Dün akşam bir film izledik televizyonda, bazı sahnelelerde resmen sinirim bozuldu; hayatım kaydı. Filmin adı The Lovely Bones. Alice Sebold'un best seller romanından 2009'da uyarlanmış. En sonda ismini görünce şaşırdım, yönetmeni Peter Jackson. Yapımcı olarak Steven Spilberg de vardı sanırım. Susan Sarandon, Mark Wahlberg, Rachel Weisz oynuyor. Başroldeki şeker kız ise Saoirse Ronan.

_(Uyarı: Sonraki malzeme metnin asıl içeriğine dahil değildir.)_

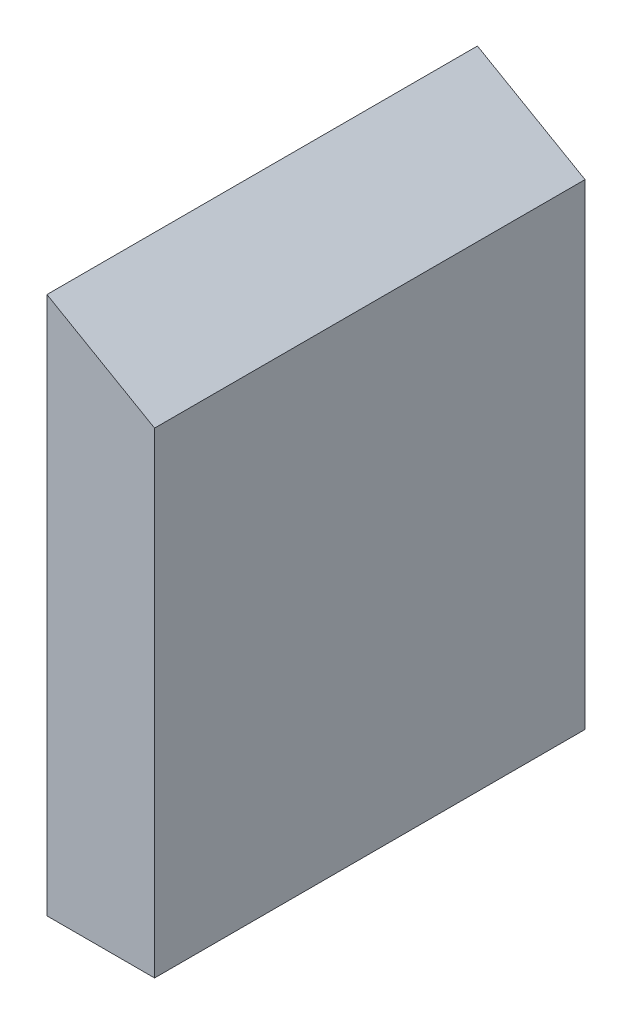
ISO-10303-21;
HEADER;
FILE_DESCRIPTION(('STEP AP214'),'2;1');
FILE_NAME('part.step','',(''),(''),'','','');
FILE_SCHEMA(('AUTOMOTIVE_DESIGN { 1 0 10303 214 1 1 1 1 }'));
ENDSEC;
DATA;
#1=APPLICATION_CONTEXT('core data for automotive mechanical design processes');
#2=APPLICATION_PROTOCOL_DEFINITION('international standard','automotive_design',2000,#1);
#3=PRODUCT_CONTEXT('',#1,'mechanical');
#4=PRODUCT('Part','Part','',(#3));
#5=PRODUCT_RELATED_PRODUCT_CATEGORY('part','',(#4));
#6=PRODUCT_DEFINITION_FORMATION('','',#4);
#7=PRODUCT_DEFINITION_CONTEXT('part definition',#1,'design');
#8=PRODUCT_DEFINITION('design','',#6,#7);
#9=PRODUCT_DEFINITION_SHAPE('','',#8);
#10=(LENGTH_UNIT() NAMED_UNIT(*) SI_UNIT(.MILLI.,.METRE.));
#11=(NAMED_UNIT(*) PLANE_ANGLE_UNIT() SI_UNIT($,.RADIAN.));
#12=(NAMED_UNIT(*) SI_UNIT($,.STERADIAN.) SOLID_ANGLE_UNIT());
#13=UNCERTAINTY_MEASURE_WITH_UNIT(LENGTH_MEASURE(1.E-05),#10,'distance_accuracy_value','');
#14=(GEOMETRIC_REPRESENTATION_CONTEXT(3) GLOBAL_UNCERTAINTY_ASSIGNED_CONTEXT((#13)) GLOBAL_UNIT_ASSIGNED_CONTEXT((#10,
#11,#12)) REPRESENTATION_CONTEXT('',''));
#15=CARTESIAN_POINT('',(0.,0.,0.));
#16=DIRECTION('',(0.,0.,1.));
#17=DIRECTION('',(1.,0.,0.));
#18=AXIS2_PLACEMENT_3D('',#15,#16,#17);
#19=CARTESIAN_POINT('',(0.,0.,40.));
#20=DIRECTION('',(0.,1.,0.));
#21=DIRECTION('',(0.,0.,1.));
#22=AXIS2_PLACEMENT_3D('',#19,#20,#21);
#23=PLANE('',#22);
#24=DIRECTION('',(1.,0.,0.));
#25=VECTOR('',#24,1.);
#26=CARTESIAN_POINT('',(0.,0.,0.));
#27=LINE('',#26,#25);
#28=CARTESIAN_POINT('',(0.,0.,0.));
#29=VERTEX_POINT('',#28);
#30=CARTESIAN_POINT('',(10.,0.,0.));
#31=VERTEX_POINT('',#30);
#32=EDGE_CURVE('E100',#29,#31,#27,.T.);
#33=ORIENTED_EDGE('',*,*,#32,.T.);
#34=DIRECTION('',(0.,0.,-1.));
#35=VECTOR('',#34,1.);
#36=CARTESIAN_POINT('',(10.,0.,40.));
#37=LINE('',#36,#35);
#38=CARTESIAN_POINT('',(10.,0.,40.));
#39=VERTEX_POINT('',#38);
#40=EDGE_CURVE('E11',#39,#31,#37,.T.);
#41=ORIENTED_EDGE('',*,*,#40,.F.);
#42=DIRECTION('',(1.,0.,0.));
#43=VECTOR('',#42,1.);
#44=CARTESIAN_POINT('',(0.,0.,40.));
#45=LINE('',#44,#43);
#46=CARTESIAN_POINT('',(0.,0.,40.));
#47=VERTEX_POINT('',#46);
#48=EDGE_CURVE('E86',#47,#39,#45,.T.);
#49=ORIENTED_EDGE('',*,*,#48,.F.);
#50=DIRECTION('',(0.,0.,-1.));
#51=VECTOR('',#50,1.);
#52=CARTESIAN_POINT('',(0.,0.,40.));
#53=LINE('',#52,#51);
#54=EDGE_CURVE('E53',#47,#29,#53,.T.);
#55=ORIENTED_EDGE('',*,*,#54,.T.);
#56=EDGE_LOOP('',(#33,#41,#49,#55));
#57=FACE_BOUND('',#56,.T.);
#58=ADVANCED_FACE('F37',(#57),#23,.F.);
#59=CARTESIAN_POINT('',(10.,0.,40.));
#60=DIRECTION('',(-1.,0.,0.));
#61=DIRECTION('',(0.,0.,1.));
#62=AXIS2_PLACEMENT_3D('',#59,#60,#61);
#63=PLANE('',#62);
#64=DIRECTION('',(0.,1.,0.));
#65=VECTOR('',#64,1.);
#66=CARTESIAN_POINT('',(10.,0.,0.));
#67=LINE('',#66,#65);
#68=CARTESIAN_POINT('',(10.,44.25,0.));
#69=VERTEX_POINT('',#68);
#70=EDGE_CURVE('E91',#31,#69,#67,.T.);
#71=ORIENTED_EDGE('',*,*,#70,.T.);
#72=DIRECTION('',(0.,0.,-1.));
#73=VECTOR('',#72,1.);
#74=CARTESIAN_POINT('',(10.,44.25,40.));
#75=LINE('',#74,#73);
#76=CARTESIAN_POINT('',(10.,44.25,40.));
#77=VERTEX_POINT('',#76);
#78=EDGE_CURVE('E45',#77,#69,#75,.T.);
#79=ORIENTED_EDGE('',*,*,#78,.F.);
#80=DIRECTION('',(0.,1.,0.));
#81=VECTOR('',#80,1.);
#82=CARTESIAN_POINT('',(10.,0.,40.));
#83=LINE('',#82,#81);
#84=EDGE_CURVE('E78',#39,#77,#83,.T.);
#85=ORIENTED_EDGE('',*,*,#84,.F.);
#86=ORIENTED_EDGE('',*,*,#40,.T.);
#87=EDGE_LOOP('',(#71,#79,#85,#86));
#88=FACE_BOUND('',#87,.T.);
#89=ADVANCED_FACE('F90',(#88),#63,.F.);
#90=CARTESIAN_POINT('',(0.,50.,40.));
#91=DIRECTION('',(0.498471124258083,0.866906303057535,0.));
#92=DIRECTION('',(-0.866906303057535,0.498471124258083,0.));
#93=AXIS2_PLACEMENT_3D('',#90,#91,#92);
#94=PLANE('',#93);
#95=DIRECTION('',(0.866906303057535,-0.498471124258083,0.));
#96=VECTOR('',#95,1.);
#97=CARTESIAN_POINT('',(0.,50.,0.));
#98=LINE('',#97,#96);
#99=CARTESIAN_POINT('',(0.,50.,0.));
#100=VERTEX_POINT('',#99);
#101=EDGE_CURVE('E103',#100,#69,#98,.T.);
#102=ORIENTED_EDGE('',*,*,#101,.F.);
#103=DIRECTION('',(0.,0.,-1.));
#104=VECTOR('',#103,1.);
#105=CARTESIAN_POINT('',(0.,50.,40.));
#106=LINE('',#105,#104);
#107=CARTESIAN_POINT('',(0.,50.,40.));
#108=VERTEX_POINT('',#107);
#109=EDGE_CURVE('E67',#108,#100,#106,.T.);
#110=ORIENTED_EDGE('',*,*,#109,.F.);
#111=DIRECTION('',(0.866906303057535,-0.498471124258083,0.));
#112=VECTOR('',#111,1.);
#113=CARTESIAN_POINT('',(0.,50.,40.));
#114=LINE('',#113,#112);
#115=EDGE_CURVE('E85',#108,#77,#114,.T.);
#116=ORIENTED_EDGE('',*,*,#115,.T.);
#117=ORIENTED_EDGE('',*,*,#78,.T.);
#118=EDGE_LOOP('',(#102,#110,#116,#117));
#119=FACE_BOUND('',#118,.T.);
#120=ADVANCED_FACE('F94',(#119),#94,.T.);
#121=CARTESIAN_POINT('',(0.,0.,40.));
#122=DIRECTION('',(-1.,0.,0.));
#123=DIRECTION('',(0.,0.,1.));
#124=AXIS2_PLACEMENT_3D('',#121,#122,#123);
#125=PLANE('',#124);
#126=DIRECTION('',(0.,1.,0.));
#127=VECTOR('',#126,1.);
#128=CARTESIAN_POINT('',(0.,0.,0.));
#129=LINE('',#128,#127);
#130=EDGE_CURVE('E105',#29,#100,#129,.T.);
#131=ORIENTED_EDGE('',*,*,#130,.F.);
#132=ORIENTED_EDGE('',*,*,#54,.F.);
#133=DIRECTION('',(0.,1.,0.));
#134=VECTOR('',#133,1.);
#135=CARTESIAN_POINT('',(0.,0.,40.));
#136=LINE('',#135,#134);
#137=EDGE_CURVE('E95',#47,#108,#136,.T.);
#138=ORIENTED_EDGE('',*,*,#137,.T.);
#139=ORIENTED_EDGE('',*,*,#109,.T.);
#140=EDGE_LOOP('',(#131,#132,#138,#139));
#141=FACE_BOUND('',#140,.T.);
#142=ADVANCED_FACE('F111',(#141),#125,.T.);
#143=CARTESIAN_POINT('',(0.,0.,40.));
#144=DIRECTION('',(0.,0.,1.));
#145=DIRECTION('',(1.,0.,0.));
#146=AXIS2_PLACEMENT_3D('',#143,#144,#145);
#147=PLANE('',#146);
#148=ORIENTED_EDGE('',*,*,#48,.T.);
#149=ORIENTED_EDGE('',*,*,#84,.T.);
#150=ORIENTED_EDGE('',*,*,#115,.F.);
#151=ORIENTED_EDGE('',*,*,#137,.F.);
#152=EDGE_LOOP('',(#148,#149,#150,#151));
#153=FACE_BOUND('',#152,.T.);
#154=ADVANCED_FACE('F82',(#153),#147,.T.);
#155=CARTESIAN_POINT('',(0.,0.,0.));
#156=DIRECTION('',(0.,0.,1.));
#157=DIRECTION('',(1.,0.,0.));
#158=AXIS2_PLACEMENT_3D('',#155,#156,#157);
#159=PLANE('',#158);
#160=ORIENTED_EDGE('',*,*,#32,.F.);
#161=ORIENTED_EDGE('',*,*,#130,.T.);
#162=ORIENTED_EDGE('',*,*,#101,.T.);
#163=ORIENTED_EDGE('',*,*,#70,.F.);
#164=EDGE_LOOP('',(#160,#161,#162,#163));
#165=FACE_BOUND('',#164,.T.);
#166=ADVANCED_FACE('F110',(#165),#159,.F.);
#167=CLOSED_SHELL('',(#58,#89,#120,#142,#154,#166));
#168=MANIFOLD_SOLID_BREP('B2',#167);
#169=ADVANCED_BREP_SHAPE_REPRESENTATION('',(#18,#168),#14);
#170=SHAPE_DEFINITION_REPRESENTATION(#9,#169);
ENDSEC;
END-ISO-10303-21;

Film, içimi kıydı. Bazı yerlerde "Kaç kaç, çabuuk!" diye yerimde zıpladım. Ne zamandır bir filmde bu kadar gerilmemiştim. Konusu özetle şöyle, 14 yaşında bir kız (Susie Salmon); sapık bir seri katil tarafından öldürülüyor ve biz ölümünden sonra olanları kızın gözünden izliyoruz. Ailesini, katilini... hepsini. Kız, ailesini ve onların yaşadıklarını öteki dünyadan görüyor. Ama elinden hiçbir şey gelmiyor, hiçbir şey yapamıyor. Çaresiz. Cennete de gidemiyor, arafta kalakalıyor. Öldüğünü fark etmesi bile zaman alıyor.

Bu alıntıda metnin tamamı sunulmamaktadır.